*** Block opens ***
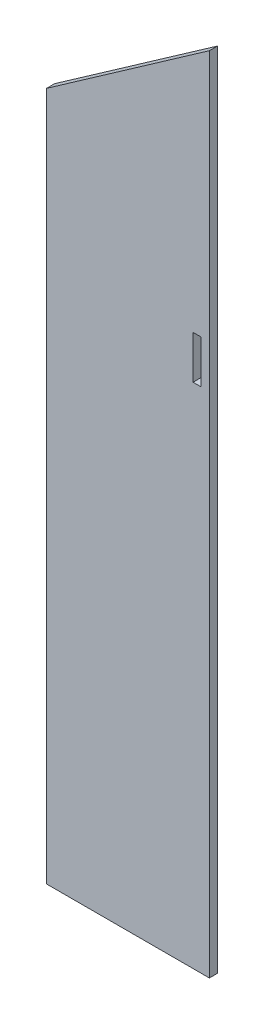
ISO-10303-21;
HEADER;
FILE_DESCRIPTION(('STEP AP214'),'2;1');
FILE_NAME('part.step','',(''),(''),'','','');
FILE_SCHEMA(('AUTOMOTIVE_DESIGN { 1 0 10303 214 1 1 1 1 }'));
ENDSEC;
DATA;
#1=APPLICATION_CONTEXT('core data for automotive mechanical design processes');
#2=APPLICATION_PROTOCOL_DEFINITION('international standard','automotive_design',2000,#1);
#3=PRODUCT_CONTEXT('',#1,'mechanical');
#4=PRODUCT('Part','Part','',(#3));
#5=PRODUCT_RELATED_PRODUCT_CATEGORY('part','',(#4));
#6=PRODUCT_DEFINITION_FORMATION('','',#4);
#7=PRODUCT_DEFINITION_CONTEXT('part definition',#1,'design');
#8=PRODUCT_DEFINITION('design','',#6,#7);
#9=PRODUCT_DEFINITION_SHAPE('','',#8);
#10=(LENGTH_UNIT() NAMED_UNIT(*) SI_UNIT(.MILLI.,.METRE.));
#11=(NAMED_UNIT(*) PLANE_ANGLE_UNIT() SI_UNIT($,.RADIAN.));
#12=(NAMED_UNIT(*) SI_UNIT($,.STERADIAN.) SOLID_ANGLE_UNIT());
#13=UNCERTAINTY_MEASURE_WITH_UNIT(LENGTH_MEASURE(1.E-05),#10,'distance_accuracy_value','');
#14=(GEOMETRIC_REPRESENTATION_CONTEXT(3) GLOBAL_UNCERTAINTY_ASSIGNED_CONTEXT((#13)) GLOBAL_UNIT_ASSIGNED_CONTEXT((#10,
#11,#12)) REPRESENTATION_CONTEXT('',''));
#15=CARTESIAN_POINT('',(0.,0.,0.));
#16=DIRECTION('',(0.,0.,1.));
#17=DIRECTION('',(1.,0.,0.));
#18=AXIS2_PLACEMENT_3D('',#15,#16,#17);
#19=CARTESIAN_POINT('',(-50.,422.98,5.));
#20=DIRECTION('',(-0.573576436351047,0.819152044288991,0.));
#21=DIRECTION('',(-0.819152044288991,-0.573576436351047,0.));
#22=AXIS2_PLACEMENT_3D('',#19,#20,#21);
#23=PLANE('',#22);
#24=DIRECTION('',(0.819152044288991,0.573576436351047,0.));
#25=VECTOR('',#24,1.);
#26=CARTESIAN_POINT('',(-50.,422.98,0.));
#27=LINE('',#26,#25);
#28=CARTESIAN_POINT('',(-50.,422.98,0.));
#29=VERTEX_POINT('',#28);
#30=CARTESIAN_POINT('',(50.,493.000753820971,0.));
#31=VERTEX_POINT('',#30);
#32=EDGE_CURVE('E112',#29,#31,#27,.T.);
#33=ORIENTED_EDGE('',*,*,#32,.F.);
#34=DIRECTION('',(0.,0.,-1.));
#35=VECTOR('',#34,1.);
#36=CARTESIAN_POINT('',(-50.,422.98,5.));
#37=LINE('',#36,#35);
#38=CARTESIAN_POINT('',(-50.,422.98,5.));
#39=VERTEX_POINT('',#38);
#40=EDGE_CURVE('E11',#39,#29,#37,.T.);
#41=ORIENTED_EDGE('',*,*,#40,.F.);
#42=DIRECTION('',(0.819152044288991,0.573576436351047,0.));
#43=VECTOR('',#42,1.);
#44=CARTESIAN_POINT('',(-50.,422.98,5.));
#45=LINE('',#44,#43);
#46=CARTESIAN_POINT('',(50.,493.000753820971,5.));
#47=VERTEX_POINT('',#46);
#48=EDGE_CURVE('E151',#39,#47,#45,.T.);
#49=ORIENTED_EDGE('',*,*,#48,.T.);
#50=DIRECTION('',(0.,0.,-1.));
#51=VECTOR('',#50,1.);
#52=CARTESIAN_POINT('',(50.,493.000753820971,5.));
#53=LINE('',#52,#51);
#54=EDGE_CURVE('E42',#47,#31,#53,.T.);
#55=ORIENTED_EDGE('',*,*,#54,.T.);
#56=EDGE_LOOP('',(#33,#41,#49,#55));
#57=FACE_BOUND('',#56,.T.);
#58=ADVANCED_FACE('F39',(#57),#23,.T.);
#59=CARTESIAN_POINT('',(-50.,422.98,5.));
#60=DIRECTION('',(1.,0.,0.));
#61=DIRECTION('',(0.,1.,0.));
#62=AXIS2_PLACEMENT_3D('',#59,#60,#61);
#63=PLANE('',#62);
#64=DIRECTION('',(0.,-1.,0.));
#65=VECTOR('',#64,1.);
#66=CARTESIAN_POINT('',(-50.,422.98,0.));
#67=LINE('',#66,#65);
#68=CARTESIAN_POINT('',(-50.0000000000001,0.,0.));
#69=VERTEX_POINT('',#68);
#70=EDGE_CURVE('E156',#29,#69,#67,.T.);
#71=ORIENTED_EDGE('',*,*,#70,.T.);
#72=DIRECTION('',(0.,0.,-1.));
#73=VECTOR('',#72,1.);
#74=CARTESIAN_POINT('',(-50.0000000000001,0.,5.));
#75=LINE('',#74,#73);
#76=CARTESIAN_POINT('',(-50.0000000000001,0.,5.));
#77=VERTEX_POINT('',#76);
#78=EDGE_CURVE('E48',#77,#69,#75,.T.);
#79=ORIENTED_EDGE('',*,*,#78,.F.);
#80=DIRECTION('',(0.,-1.,0.));
#81=VECTOR('',#80,1.);
#82=CARTESIAN_POINT('',(-50.,422.98,5.));
#83=LINE('',#82,#81);
#84=EDGE_CURVE('E163',#39,#77,#83,.T.);
#85=ORIENTED_EDGE('',*,*,#84,.F.);
#86=ORIENTED_EDGE('',*,*,#40,.T.);
#87=EDGE_LOOP('',(#71,#79,#85,#86));
#88=FACE_BOUND('',#87,.T.);
#89=ADVANCED_FACE('F195',(#88),#63,.F.);
#90=CARTESIAN_POINT('',(-50.0000000000001,0.,5.));
#91=DIRECTION('',(0.,1.,0.));
#92=DIRECTION('',(0.,0.,1.));
#93=AXIS2_PLACEMENT_3D('',#90,#91,#92);
#94=PLANE('',#93);
#95=DIRECTION('',(1.,0.,0.));
#96=VECTOR('',#95,1.);
#97=CARTESIAN_POINT('',(-50.0000000000001,0.,0.));
#98=LINE('',#97,#96);
#99=CARTESIAN_POINT('',(50.0000000000001,0.,0.));
#100=VERTEX_POINT('',#99);
#101=EDGE_CURVE('E173',#69,#100,#98,.T.);
#102=ORIENTED_EDGE('',*,*,#101,.T.);
#103=DIRECTION('',(0.,0.,-1.));
#104=VECTOR('',#103,1.);
#105=CARTESIAN_POINT('',(50.0000000000001,0.,5.));
#106=LINE('',#105,#104);
#107=CARTESIAN_POINT('',(50.0000000000001,0.,5.));
#108=VERTEX_POINT('',#107);
#109=EDGE_CURVE('E181',#108,#100,#106,.T.);
#110=ORIENTED_EDGE('',*,*,#109,.F.);
#111=DIRECTION('',(1.,0.,0.));
#112=VECTOR('',#111,1.);
#113=CARTESIAN_POINT('',(-50.0000000000001,0.,5.));
#114=LINE('',#113,#112);
#115=EDGE_CURVE('E159',#77,#108,#114,.T.);
#116=ORIENTED_EDGE('',*,*,#115,.F.);
#117=ORIENTED_EDGE('',*,*,#78,.T.);
#118=EDGE_LOOP('',(#102,#110,#116,#117));
#119=FACE_BOUND('',#118,.T.);
#120=ADVANCED_FACE('F199',(#119),#94,.F.);
#121=CARTESIAN_POINT('',(50.,422.98,5.));
#122=DIRECTION('',(1.,0.,0.));
#123=DIRECTION('',(0.,1.,0.));
#124=AXIS2_PLACEMENT_3D('',#121,#122,#123);
#125=PLANE('',#124);
#126=DIRECTION('',(0.,-1.,0.));
#127=VECTOR('',#126,1.);
#128=CARTESIAN_POINT('',(50.,422.98,0.));
#129=LINE('',#128,#127);
#130=EDGE_CURVE('E169',#31,#100,#129,.T.);
#131=ORIENTED_EDGE('',*,*,#130,.F.);
#132=ORIENTED_EDGE('',*,*,#54,.F.);
#133=DIRECTION('',(0.,-1.,0.));
#134=VECTOR('',#133,1.);
#135=CARTESIAN_POINT('',(50.,493.000753820971,5.));
#136=LINE('',#135,#134);
#137=EDGE_CURVE('E155',#47,#108,#136,.T.);
#138=ORIENTED_EDGE('',*,*,#137,.T.);
#139=ORIENTED_EDGE('',*,*,#109,.T.);
#140=EDGE_LOOP('',(#131,#132,#138,#139));
#141=FACE_BOUND('',#140,.T.);
#142=ADVANCED_FACE('F202',(#141),#125,.T.);
#143=CARTESIAN_POINT('',(0.,0.,5.));
#144=DIRECTION('',(0.,0.,-1.));
#145=DIRECTION('',(-1.,0.,0.));
#146=AXIS2_PLACEMENT_3D('',#143,#144,#145);
#147=PLANE('',#146);
#148=DIRECTION('',(1.,0.,0.));
#149=VECTOR('',#148,1.);
#150=CARTESIAN_POINT('',(40.,311.75,5.));
#151=LINE('',#150,#149);
#152=CARTESIAN_POINT('',(40.,311.75,5.));
#153=VERTEX_POINT('',#152);
#154=CARTESIAN_POINT('',(45.,311.75,5.));
#155=VERTEX_POINT('',#154);
#156=EDGE_CURVE('E129',#153,#155,#151,.T.);
#157=ORIENTED_EDGE('',*,*,#156,.F.);
#158=DIRECTION('',(0.,-1.,0.));
#159=VECTOR('',#158,1.);
#160=CARTESIAN_POINT('',(40.,338.25,5.));
#161=LINE('',#160,#159);
#162=CARTESIAN_POINT('',(40.,338.25,5.));
#163=VERTEX_POINT('',#162);
#164=EDGE_CURVE('E56',#163,#153,#161,.T.);
#165=ORIENTED_EDGE('',*,*,#164,.F.);
#166=DIRECTION('',(-1.,0.,0.));
#167=VECTOR('',#166,1.);
#168=CARTESIAN_POINT('',(40.,338.25,5.));
#169=LINE('',#168,#167);
#170=CARTESIAN_POINT('',(45.,338.25,5.));
#171=VERTEX_POINT('',#170);
#172=EDGE_CURVE('E119',#171,#163,#169,.T.);
#173=ORIENTED_EDGE('',*,*,#172,.F.);
#174=DIRECTION('',(0.,1.,0.));
#175=VECTOR('',#174,1.);
#176=CARTESIAN_POINT('',(45.,338.25,5.));
#177=LINE('',#176,#175);
#178=EDGE_CURVE('E137',#155,#171,#177,.T.);
#179=ORIENTED_EDGE('',*,*,#178,.F.);
#180=EDGE_LOOP('',(#157,#165,#173,#179));
#181=FACE_BOUND('',#180,.T.);
#182=ORIENTED_EDGE('',*,*,#48,.F.);
#183=ORIENTED_EDGE('',*,*,#84,.T.);
#184=ORIENTED_EDGE('',*,*,#115,.T.);
#185=ORIENTED_EDGE('',*,*,#137,.F.);
#186=EDGE_LOOP('',(#182,#183,#184,#185));
#187=FACE_BOUND('',#186,.T.);
#188=ADVANCED_FACE('F201',(#181,#187),#147,.F.);
#189=CARTESIAN_POINT('',(0.,0.,0.));
#190=DIRECTION('',(0.,0.,-1.));
#191=DIRECTION('',(-1.,0.,0.));
#192=AXIS2_PLACEMENT_3D('',#189,#190,#191);
#193=PLANE('',#192);
#194=DIRECTION('',(0.,-1.,0.));
#195=VECTOR('',#194,1.);
#196=CARTESIAN_POINT('',(40.,338.25,0.));
#197=LINE('',#196,#195);
#198=CARTESIAN_POINT('',(40.,338.25,0.));
#199=VERTEX_POINT('',#198);
#200=CARTESIAN_POINT('',(40.,311.75,0.));
#201=VERTEX_POINT('',#200);
#202=EDGE_CURVE('E116',#199,#201,#197,.T.);
#203=ORIENTED_EDGE('',*,*,#202,.T.);
#204=DIRECTION('',(1.,0.,0.));
#205=VECTOR('',#204,1.);
#206=CARTESIAN_POINT('',(40.,311.75,0.));
#207=LINE('',#206,#205);
#208=CARTESIAN_POINT('',(45.,311.75,0.));
#209=VERTEX_POINT('',#208);
#210=EDGE_CURVE('E104',#201,#209,#207,.T.);
#211=ORIENTED_EDGE('',*,*,#210,.T.);
#212=DIRECTION('',(0.,1.,0.));
#213=VECTOR('',#212,1.);
#214=CARTESIAN_POINT('',(45.,338.25,0.));
#215=LINE('',#214,#213);
#216=CARTESIAN_POINT('',(45.,338.25,0.));
#217=VERTEX_POINT('',#216);
#218=EDGE_CURVE('E131',#209,#217,#215,.T.);
#219=ORIENTED_EDGE('',*,*,#218,.T.);
#220=DIRECTION('',(-1.,0.,0.));
#221=VECTOR('',#220,1.);
#222=CARTESIAN_POINT('',(40.,338.25,0.));
#223=LINE('',#222,#221);
#224=EDGE_CURVE('E124',#217,#199,#223,.T.);
#225=ORIENTED_EDGE('',*,*,#224,.T.);
#226=EDGE_LOOP('',(#203,#211,#219,#225));
#227=FACE_BOUND('',#226,.T.);
#228=ORIENTED_EDGE('',*,*,#32,.T.);
#229=ORIENTED_EDGE('',*,*,#130,.T.);
#230=ORIENTED_EDGE('',*,*,#101,.F.);
#231=ORIENTED_EDGE('',*,*,#70,.F.);
#232=EDGE_LOOP('',(#228,#229,#230,#231));
#233=FACE_BOUND('',#232,.T.);
#234=ADVANCED_FACE('F122',(#227,#233),#193,.T.);
#235=CARTESIAN_POINT('',(40.,338.25,-0.00100000000000013));
#236=DIRECTION('',(-1.,0.,0.));
#237=DIRECTION('',(0.,0.,1.));
#238=AXIS2_PLACEMENT_3D('',#235,#236,#237);
#239=PLANE('',#238);
#240=DIRECTION('',(0.,0.,1.));
#241=VECTOR('',#240,1.);
#242=CARTESIAN_POINT('',(40.,338.25,-0.00100000000000013));
#243=LINE('',#242,#241);
#244=EDGE_CURVE('E113',#199,#163,#243,.T.);
#245=ORIENTED_EDGE('',*,*,#244,.T.);
#246=ORIENTED_EDGE('',*,*,#164,.T.);
#247=DIRECTION('',(0.,0.,1.));
#248=VECTOR('',#247,1.);
#249=CARTESIAN_POINT('',(40.,311.75,-0.00100000000000013));
#250=LINE('',#249,#248);
#251=EDGE_CURVE('E106',#201,#153,#250,.T.);
#252=ORIENTED_EDGE('',*,*,#251,.F.);
#253=ORIENTED_EDGE('',*,*,#202,.F.);
#254=EDGE_LOOP('',(#245,#246,#252,#253));
#255=FACE_BOUND('',#254,.T.);
#256=ADVANCED_FACE('F115',(#255),#239,.F.);
#257=CARTESIAN_POINT('',(40.,338.25,-0.00100000000000013));
#258=DIRECTION('',(0.,1.,0.));
#259=DIRECTION('',(0.,0.,1.));
#260=AXIS2_PLACEMENT_3D('',#257,#258,#259);
#261=PLANE('',#260);
#262=DIRECTION('',(0.,0.,1.));
#263=VECTOR('',#262,1.);
#264=CARTESIAN_POINT('',(45.,338.25,-0.00100000000000013));
#265=LINE('',#264,#263);
#266=EDGE_CURVE('E146',#217,#171,#265,.T.);
#267=ORIENTED_EDGE('',*,*,#266,.T.);
#268=ORIENTED_EDGE('',*,*,#172,.T.);
#269=ORIENTED_EDGE('',*,*,#244,.F.);
#270=ORIENTED_EDGE('',*,*,#224,.F.);
#271=EDGE_LOOP('',(#267,#268,#269,#270));
#272=FACE_BOUND('',#271,.T.);
#273=ADVANCED_FACE('F223',(#272),#261,.F.);
#274=CARTESIAN_POINT('',(45.,338.25,-0.00100000000000013));
#275=DIRECTION('',(1.,0.,0.));
#276=DIRECTION('',(0.,0.,-1.));
#277=AXIS2_PLACEMENT_3D('',#274,#275,#276);
#278=PLANE('',#277);
#279=DIRECTION('',(0.,0.,1.));
#280=VECTOR('',#279,1.);
#281=CARTESIAN_POINT('',(45.,311.75,-0.00100000000000013));
#282=LINE('',#281,#280);
#283=EDGE_CURVE('E64',#209,#155,#282,.T.);
#284=ORIENTED_EDGE('',*,*,#283,.T.);
#285=ORIENTED_EDGE('',*,*,#178,.T.);
#286=ORIENTED_EDGE('',*,*,#266,.F.);
#287=ORIENTED_EDGE('',*,*,#218,.F.);
#288=EDGE_LOOP('',(#284,#285,#286,#287));
#289=FACE_BOUND('',#288,.T.);
#290=ADVANCED_FACE('F226',(#289),#278,.F.);
#291=CARTESIAN_POINT('',(40.,311.75,-0.00100000000000013));
#292=DIRECTION('',(0.,-1.,0.));
#293=DIRECTION('',(0.,0.,-1.));
#294=AXIS2_PLACEMENT_3D('',#291,#292,#293);
#295=PLANE('',#294);
#296=ORIENTED_EDGE('',*,*,#251,.T.);
#297=ORIENTED_EDGE('',*,*,#156,.T.);
#298=ORIENTED_EDGE('',*,*,#283,.F.);
#299=ORIENTED_EDGE('',*,*,#210,.F.);
#300=EDGE_LOOP('',(#296,#297,#298,#299));
#301=FACE_BOUND('',#300,.T.);
#302=ADVANCED_FACE('F105',(#301),#295,.F.);
#303=CLOSED_SHELL('',(#58,#89,#120,#142,#188,#234,#256,#273,#290,#302));
#304=MANIFOLD_SOLID_BREP('B2',#303);
#305=ADVANCED_BREP_SHAPE_REPRESENTATION('',(#18,#304),#14);
#306=SHAPE_DEFINITION_REPRESENTATION(#9,#305);
ENDSEC;
END-ISO-10303-21;
*** Block closes ***
[TASK DESCRIPTION]
The required output is every line from the beginning of the material above through the line with "#29=VERTEX_POINT('',#28);", exact and without pictures.

[RESPONSE TO THIS TASK]
ISO-10303-21;
HEADER;
FILE_DESCRIPTION(('STEP AP214'),'2;1');
FILE_NAME('part.step','',(''),(''),'','','');
FILE_SCHEMA(('AUTOMOTIVE_DESIGN { 1 0 10303 214 1 1 1 1 }'));
ENDSEC;
DATA;
#1=APPLICATION_CONTEXT('core data for automotive mechanical design processes');
#2=APPLICATION_PROTOCOL_DEFINITION('international standard','automotive_design',2000,#1);
#3=PRODUCT_CONTEXT('',#1,'mechanical');
#4=PRODUCT('Part','Part','',(#3));
#5=PRODUCT_RELATED_PRODUCT_CATEGORY('part','',(#4));
#6=PRODUCT_DEFINITION_FORMATION('','',#4);
#7=PRODUCT_DEFINITION_CONTEXT('part definition',#1,'design');
#8=PRODUCT_DEFINITION('design','',#6,#7);
#9=PRODUCT_DEFINITION_SHAPE('','',#8);
#10=(LENGTH_UNIT() NAMED_UNIT(*) SI_UNIT(.MILLI.,.METRE.));
#11=(NAMED_UNIT(*) PLANE_ANGLE_UNIT() SI_UNIT($,.RADIAN.));
#12=(NAMED_UNIT(*) SI_UNIT($,.STERADIAN.) SOLID_ANGLE_UNIT());
#13=UNCERTAINTY_MEASURE_WITH_UNIT(LENGTH_MEASURE(1.E-05),#10,'distance_accuracy_value','');
#14=(GEOMETRIC_REPRESENTATION_CONTEXT(3) GLOBAL_UNCERTAINTY_ASSIGNED_CONTEXT((#13)) GLOBAL_UNIT_ASSIGNED_CONTEXT((#10,
#11,#12)) REPRESENTATION_CONTEXT('',''));
#15=CARTESIAN_POINT('',(0.,0.,0.));
#16=DIRECTION('',(0.,0.,1.));
#17=DIRECTION('',(1.,0.,0.));
#18=AXIS2_PLACEMENT_3D('',#15,#16,#17);
#19=CARTESIAN_POINT('',(-50.,422.98,5.));
#20=DIRECTION('',(-0.573576436351047,0.819152044288991,0.));
#21=DIRECTION('',(-0.819152044288991,-0.573576436351047,0.));
#22=AXIS2_PLACEMENT_3D('',#19,#20,#21);
#23=PLANE('',#22);
#24=DIRECTION('',(0.819152044288991,0.573576436351047,0.));
#25=VECTOR('',#24,1.);
#26=CARTESIAN_POINT('',(-50.,422.98,0.));
#27=LINE('',#26,#25);
#28=CARTESIAN_POINT('',(-50.,422.98,0.));
#29=VERTEX_POINT('',#28);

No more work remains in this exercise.